▶ _BRIEF_
One line at a time, check the entries below for the word "power", and copy each line that has it.

(Dataset records)
______________________________
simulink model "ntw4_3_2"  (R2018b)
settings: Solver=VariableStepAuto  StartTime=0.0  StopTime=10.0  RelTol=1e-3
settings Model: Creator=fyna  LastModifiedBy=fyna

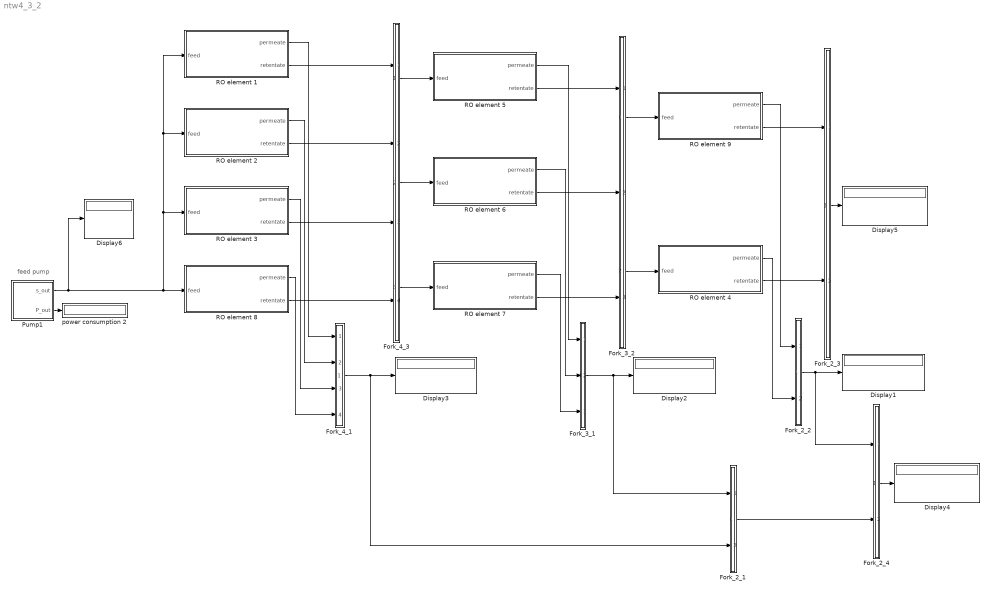
== system ntw4_3_2 ==
  note: feed pump
  Display{1..6} (6 alike) : Display
  Fork_2_1 : MATLAB Function  TreatAsAtomicUnit=on
  Fork_2_2 : MATLAB Function  TreatAsAtomicUnit=on
  Fork_2_3 : MATLAB Function  TreatAsAtomicUnit=on
  Fork_2_4 : MATLAB Function  TreatAsAtomicUnit=on
  Fork_3_1 : MATLAB Function  TreatAsAtomicUnit=on
  Fork_3_2 : MATLAB Function  TreatAsAtomicUnit=on
  Fork_4_1 : MATLAB Function  TreatAsAtomicUnit=on
  "Fork_4_3 " : MATLAB Function  TreatAsAtomicUnit=on
  Pump1 : Subsystem  mask(Hydraulic pump){q=6e3, p=15.5, c=0.0856, eta=0.8}
      mask prompts: q "volume flow rate [l/h]"; p "pressure [bar]"; c "concentration [mol/l]"; eta "efficiency"
      mask help: The hydraulic pump gerenates the hydrodynamic QPC state, through its embedded preferences. The power consumption is calculated as P = 3.6e-2*q*p/eta, [P] = kW.
      mask TypeOptions q: flow rate [l\h]/Value
      mask TypeOptions p: pressure [Pa]/Value
      mask TypeOptions c: concentration [mol//l]/Value
      mask TypeOptions eta: efficiency/Value
      mask Display: image("pumpSymbol2.png")
  RO element 1 : Subsystem  mask(8040 RO module){waterPerm=5, Value=0.995}
      mask prompts: waterPerm "water permeation coeff [lmh bar]]"; Value "salt rejection"
      mask help:
      | Reverse Osmosis module model. The permeate out-flow and feed out-flow are calculated from their respective in-flows and the membrane characteristics. A 28mil spacer is used in this module type.
      |
      | Input constants: membrane water permeability, salt rejection.
      mask TypeOptions waterPerm: waterPerm/Value
      mask TypeOptions Value: rejectionRate/Value
      mask Display: image('roSymbol.png');
  RO element 2 : Subsystem  mask(8040 RO module){waterPerm=5, Value=0.995}
      mask prompts: waterPerm "water permeation coeff [lmh bar]]"; Value "salt rejection"
      mask help:
      | Reverse Osmosis module model. The permeate out-flow and feed out-flow are calculated from their respective in-flows and the membrane characteristics. A 28mil spacer is used in this module type.
      |
      | Input constants: membrane water permeability, salt rejection.
      mask TypeOptions waterPerm: waterPerm/Value
      mask TypeOptions Value: rejectionRate/Value
      mask Display: image('roSymbol.png');
  RO element 3 : Subsystem  mask(8040 RO module){waterPerm=5, Value=0.995}
      mask prompts: waterPerm "water permeation coeff [lmh bar]]"; Value "salt rejection"
      mask help:
      | Reverse Osmosis module model. The permeate out-flow and feed out-flow are calculated from their respective in-flows and the membrane characteristics. A 28mil spacer is used in this module type.
      |
      | Input constants: membrane water permeability, salt rejection.
      mask TypeOptions waterPerm: waterPerm/Value
      mask TypeOptions Value: rejectionRate/Value
      mask Display: image('roSymbol.png');
  RO element 4 : Subsystem  mask(8040 RO module){waterPerm=5, Value=0.995}
      mask prompts: waterPerm "water permeation coeff [lmh bar]]"; Value "salt rejection"
      mask help:
      | Reverse Osmosis module model. The permeate out-flow and feed out-flow are calculated from their respective in-flows and the membrane characteristics. A 28mil spacer is used in this module type.
      |
      | Input constants: membrane water permeability, salt rejection.
      mask TypeOptions waterPerm: waterPerm/Value
      mask TypeOptions Value: rejectionRate/Value
      mask Display: image('roSymbol.png');
  RO element 5 : Subsystem  mask(8040 RO module){waterPerm=5, Value=0.995}
      mask prompts: waterPerm "water permeation coeff [lmh bar]]"; Value "salt rejection"
      mask help:
      | Reverse Osmosis module model. The permeate out-flow and feed out-flow are calculated from their respective in-flows and the membrane characteristics. A 28mil spacer is used in this module type.
      |
      | Input constants: membrane water permeability, salt rejection.
      mask TypeOptions waterPerm: waterPerm/Value
      mask TypeOptions Value: rejectionRate/Value
      mask Display: image('roSymbol.png');
  RO element 6 : Subsystem  mask(8040 RO module){waterPerm=5, Value=0.995}
      mask prompts: waterPerm "water permeation coeff [lmh bar]]"; Value "salt rejection"
      mask help:
      | Reverse Osmosis module model. The permeate out-flow and feed out-flow are calculated from their respective in-flows and the membrane characteristics. A 28mil spacer is used in this module type.
      |
      | Input constants: membrane water permeability, salt rejection.
      mask TypeOptions waterPerm: waterPerm/Value
      mask TypeOptions Value: rejectionRate/Value
      mask Display: image('roSymbol.png');
  RO element 7 : Subsystem  mask(8040 RO module){waterPerm=5, Value=0.995}
      mask prompts: waterPerm "water permeation coeff [lmh bar]]"; Value "salt rejection"
      mask help:
      | Reverse Osmosis module model. The permeate out-flow and feed out-flow are calculated from their respective in-flows and the membrane characteristics. A 28mil spacer is used in this module type.
      |
      | Input constants: membrane water permeability, salt rejection.
      mask TypeOptions waterPerm: waterPerm/Value
      mask TypeOptions Value: rejectionRate/Value
      mask Display: image('roSymbol.png');
  RO element 8 : Subsystem  mask(8040 RO module){waterPerm=5, Value=0.995}
      mask prompts: waterPerm "water permeation coeff [lmh bar]]"; Value "salt rejection"
      mask help:
      | Reverse Osmosis module model. The permeate out-flow and feed out-flow are calculated from their respective in-flows and the membrane characteristics. A 28mil spacer is used in this module type.
      |
      | Input constants: membrane water permeability, salt rejection.
      mask TypeOptions waterPerm: waterPerm/Value
      mask TypeOptions Value: rejectionRate/Value
      mask Display: image('roSymbol.png');
  RO element 9 : Subsystem  mask(8040 RO module){waterPerm=5, Value=0.995}
      mask prompts: waterPerm "water permeation coeff [lmh bar]]"; Value "salt rejection"
      mask help:
      | Reverse Osmosis module model. The permeate out-flow and feed out-flow are calculated from their respective in-flows and the membrane characteristics. A 28mil spacer is used in this module type.
      |
      | Input constants: membrane water permeability, salt rejection.
      mask TypeOptions waterPerm: waterPerm/Value
      mask TypeOptions Value: rejectionRate/Value
      mask Display: image('roSymbol.png');
  power consumption 2 : Display
  wires:
  RO element 8/2(retentate) -> "Fork_4_3 "/4(si_4)
  RO element 5/1(permeate) -> Fork_3_1/1(si_1)
  RO element 3/1(permeate) -> Fork_4_1/3(si_3)
  RO element 1/1(permeate) -> Fork_4_1/1(si_1)
  RO element 8/1(permeate) -> Fork_4_1/4(si_4)
  RO element 2/2(retentate) -> "Fork_4_3 "/2(si_2)
  Fork_4_1/1(so_1) -> Display3/1, Fork_2_1/2(si_2)
  Pump1/2(P_out) -> power consumption 2/1
  RO element 3/2(retentate) -> "Fork_4_3 "/3(si_3)
  Pump1/1(s_out) -> RO element 8/1(feed), RO element 3/1(feed), RO element 1/1(feed), RO element 2/1(feed), Display6/1
  RO element 1/2(retentate) -> "Fork_4_3 "/1(si_1)
  RO element 6/1(permeate) -> Fork_3_1/2(si_2)
  RO element 2/1(permeate) -> Fork_4_1/2(si_2)
  "Fork_4_3 "/1(so_1) -> RO element 5/1(feed)
  "Fork_4_3 "/2(so_2) -> RO element 6/1(feed)
  "Fork_4_3 "/3(so_3) -> RO element 7/1(feed)
  RO element 7/1(permeate) -> Fork_3_1/3(si_3)
  RO element 7/2(retentate) -> Fork_3_2/3(si_3)
  RO element 6/2(retentate) -> Fork_3_2/2(si_2)
  RO element 5/2(retentate) -> Fork_3_2/1(si_1)
  Fork_3_2/2(so_2) -> RO element 4/1(feed)
  Fork_3_2/1(so_1) -> RO element 9/1(feed)
  Fork_3_1/1(so_1) -> Display2/1, Fork_2_1/1(si_1)
  RO element 9/1(permeate) -> Fork_2_2/1(si_1)
  RO element 4/1(permeate) -> Fork_2_2/2(si_2)
  Fork_2_1/1(so_1) -> Fork_2_4/2(si_2)
  Fork_2_2/1(so_1) -> Display1/1, Fork_2_4/1(si_1)
  Fork_2_4/1(so_1) -> Display4/1
  RO element 9/2(retentate) -> Fork_2_3/1(si_1)
  RO element 4/2(retentate) -> Fork_2_3/2(si_2)
  Fork_2_3/1(so_1) -> Display5/1

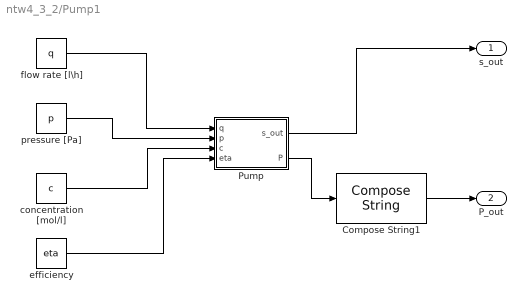
== system ntw4_3_2/Pump1 ==
  Compose String1 : ComposeString  Format='P = %.3f kW'
  Pump : MATLAB Function  TreatAsAtomicUnit=on
  concentration [mol/l] : Constant  Value=c
  efficiency : Constant  Value=eta
  flow rate [l\h] : Constant  Value=q
  pressure [Pa] : Constant  Value=p
  s_out : Outport
  P_out : Outport  Port=2
  wires:
  concentration [mol/l]/1 -> Pump/3(c)
  flow rate [l\h]/1 -> Pump/1(q)
  Pump/1(s_out) -> s_out/1
  pressure [Pa]/1 -> Pump/2(p)
  efficiency/1 -> Pump/4(eta)
  Compose String1/1 -> P_out/1
  Pump/2(P) -> Compose String1/1

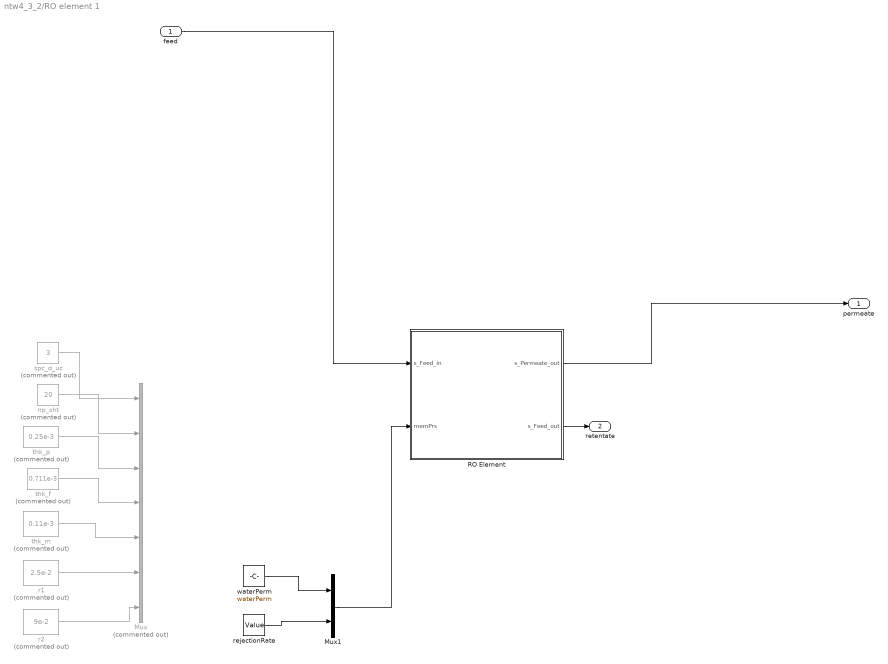
== system ntw4_3_2/RO element 1 ==
  feed : Inport
  Mux : Mux  Commented=on  Inputs=7
  Mux1 : Mux  Inputs=2
  RO Element : MATLAB Function  TreatAsAtomicUnit=on
  np_sht : Constant  Commented=on  Value=20
  r1 : Constant  Commented=on  Value=2.5e-2
  r2 : Constant  Commented=on  Value=9e-2
  rejectionRate : Constant  Value=Value
  spc_d_uc : Constant  Commented=on  Value=3
  thk_f : Constant  Commented=on  Value=0.711e-3
  thk_m : Constant  Commented=on  Value=0.11e-3
  thk_p : Constant  Commented=on  Value=0.25e-3
  waterPerm : Constant  Value=waterPerm
  permeate : Outport
  retentate : Outport  Port=2
  wires:
  spc_d_uc/1 -> Mux/1
  feed/1 -> RO Element/1(s_Feed_in)
  waterPerm/1 -> Mux1/1
  r1/1 -> Mux/6
  thk_m/1 -> Mux/5
  Mux1/1 -> RO Element/2(memPrs)
  r2/1 -> Mux/7
  RO Element/2(s_Feed_out) -> retentate/1
  rejectionRate/1 -> Mux1/2
  RO Element/1(s_Permeate_out) -> permeate/1
  thk_p/1 -> Mux/3
  thk_f/1 -> Mux/4
  np_sht/1 -> Mux/2

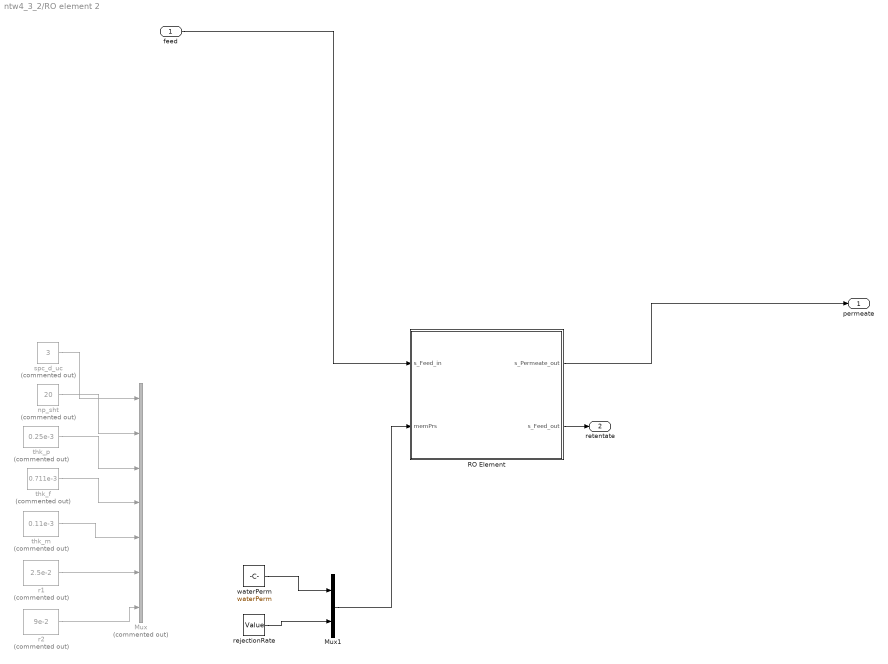
== system ntw4_3_2/RO element 2 ==
  feed : Inport
  Mux : Mux  Commented=on  Inputs=7
  Mux1 : Mux  Inputs=2
  RO Element : MATLAB Function  TreatAsAtomicUnit=on
  np_sht : Constant  Commented=on  Value=20
  r1 : Constant  Commented=on  Value=2.5e-2
  r2 : Constant  Commented=on  Value=9e-2
  rejectionRate : Constant  Value=Value
  spc_d_uc : Constant  Commented=on  Value=3
  thk_f : Constant  Commented=on  Value=0.711e-3
  thk_m : Constant  Commented=on  Value=0.11e-3
  thk_p : Constant  Commented=on  Value=0.25e-3
  waterPerm : Constant  Value=waterPerm
  permeate : Outport
  retentate : Outport  Port=2
  wires:
  spc_d_uc/1 -> Mux/1
  feed/1 -> RO Element/1(s_Feed_in)
  waterPerm/1 -> Mux1/1
  r1/1 -> Mux/6
  thk_m/1 -> Mux/5
  Mux1/1 -> RO Element/2(memPrs)
  r2/1 -> Mux/7
  RO Element/2(s_Feed_out) -> retentate/1
  rejectionRate/1 -> Mux1/2
  RO Element/1(s_Permeate_out) -> permeate/1
  thk_p/1 -> Mux/3
  thk_f/1 -> Mux/4
  np_sht/1 -> Mux/2

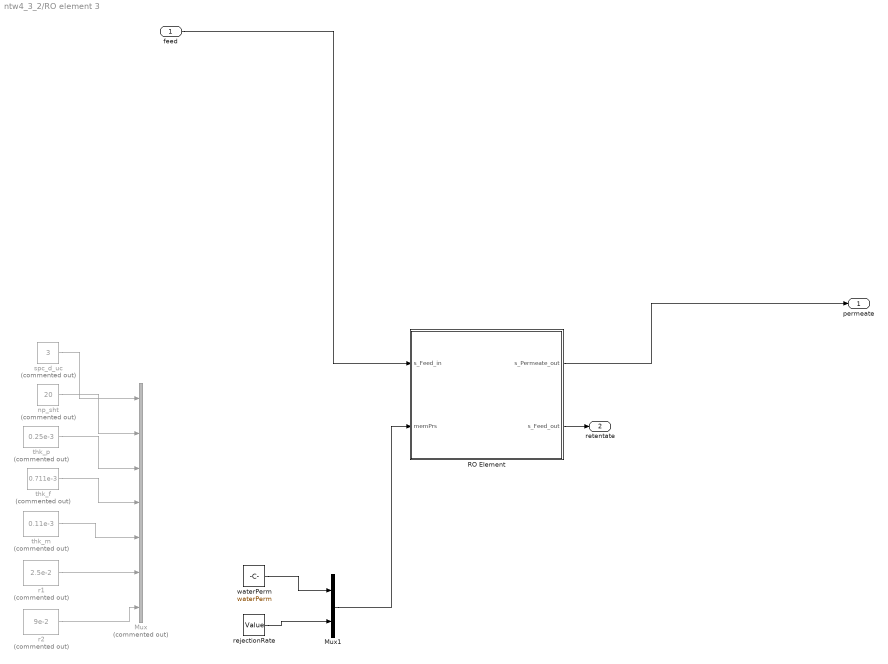
== system ntw4_3_2/RO element 3 ==
  feed : Inport
  Mux : Mux  Commented=on  Inputs=7
  Mux1 : Mux  Inputs=2
  RO Element : MATLAB Function  TreatAsAtomicUnit=on
  np_sht : Constant  Commented=on  Value=20
  r1 : Constant  Commented=on  Value=2.5e-2
  r2 : Constant  Commented=on  Value=9e-2
  rejectionRate : Constant  Value=Value
  spc_d_uc : Constant  Commented=on  Value=3
  thk_f : Constant  Commented=on  Value=0.711e-3
  thk_m : Constant  Commented=on  Value=0.11e-3
  thk_p : Constant  Commented=on  Value=0.25e-3
  waterPerm : Constant  Value=waterPerm
  permeate : Outport
  retentate : Outport  Port=2
  wires:
  spc_d_uc/1 -> Mux/1
  feed/1 -> RO Element/1(s_Feed_in)
  waterPerm/1 -> Mux1/1
  r1/1 -> Mux/6
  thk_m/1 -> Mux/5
______________________________
▶ _OUTPUT FOR THIS EXERCISE_
      mask help: The hydraulic pump gerenates the hydrodynamic QPC state, through its embedded preferences. The power consumption is calculated as P = 3.6e-2*q*p/eta, [P] = kW.
  power consumption 2 : Display
  Pump1/2(P_out) -> power consumption 2/1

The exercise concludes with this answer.